## [RECORDS PROVIDED]
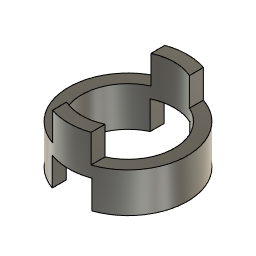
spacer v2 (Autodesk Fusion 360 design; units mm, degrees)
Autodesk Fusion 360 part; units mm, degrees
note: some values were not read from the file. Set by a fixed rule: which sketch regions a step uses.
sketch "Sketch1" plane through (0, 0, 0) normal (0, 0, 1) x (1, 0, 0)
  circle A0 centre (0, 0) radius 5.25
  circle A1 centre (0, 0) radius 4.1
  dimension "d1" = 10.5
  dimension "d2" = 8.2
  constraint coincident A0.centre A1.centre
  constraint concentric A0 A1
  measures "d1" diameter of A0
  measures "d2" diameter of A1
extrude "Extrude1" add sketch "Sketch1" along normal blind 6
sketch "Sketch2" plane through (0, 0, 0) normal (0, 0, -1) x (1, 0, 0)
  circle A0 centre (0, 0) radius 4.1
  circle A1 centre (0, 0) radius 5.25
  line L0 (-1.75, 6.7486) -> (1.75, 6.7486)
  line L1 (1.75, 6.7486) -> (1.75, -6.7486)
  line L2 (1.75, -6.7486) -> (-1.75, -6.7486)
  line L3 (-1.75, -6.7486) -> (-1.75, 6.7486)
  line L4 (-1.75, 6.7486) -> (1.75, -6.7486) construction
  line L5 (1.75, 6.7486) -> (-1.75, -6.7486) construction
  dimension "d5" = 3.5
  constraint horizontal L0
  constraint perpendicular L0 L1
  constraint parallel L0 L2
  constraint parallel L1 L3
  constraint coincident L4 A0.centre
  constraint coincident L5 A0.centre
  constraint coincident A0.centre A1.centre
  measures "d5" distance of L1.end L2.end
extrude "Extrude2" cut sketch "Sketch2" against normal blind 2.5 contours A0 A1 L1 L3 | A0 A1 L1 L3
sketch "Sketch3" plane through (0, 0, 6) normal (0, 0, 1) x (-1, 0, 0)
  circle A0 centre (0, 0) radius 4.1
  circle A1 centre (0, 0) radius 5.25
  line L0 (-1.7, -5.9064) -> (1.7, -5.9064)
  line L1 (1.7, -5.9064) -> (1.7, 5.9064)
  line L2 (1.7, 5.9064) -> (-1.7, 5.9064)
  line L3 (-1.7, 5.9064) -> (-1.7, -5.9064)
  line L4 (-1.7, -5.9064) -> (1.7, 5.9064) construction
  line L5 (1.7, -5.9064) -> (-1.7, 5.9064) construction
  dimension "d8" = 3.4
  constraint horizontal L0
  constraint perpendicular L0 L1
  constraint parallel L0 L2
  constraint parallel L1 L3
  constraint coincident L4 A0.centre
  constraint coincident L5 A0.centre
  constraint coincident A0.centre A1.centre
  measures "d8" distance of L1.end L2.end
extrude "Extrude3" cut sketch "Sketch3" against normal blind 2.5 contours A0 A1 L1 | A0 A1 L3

## [EXERCISE DIRECTIONS]
Check every line of the records above for the string "construction". Copy those that hold it.

## [EXPECTED ANSWER]
  line L4 (-1.75, 6.7486) -> (1.75, -6.7486) construction
  line L5 (1.75, 6.7486) -> (-1.75, -6.7486) construction
  line L4 (-1.7, -5.9064) -> (1.7, 5.9064) construction
  line L5 (1.7, -5.9064) -> (-1.7, 5.9064) construction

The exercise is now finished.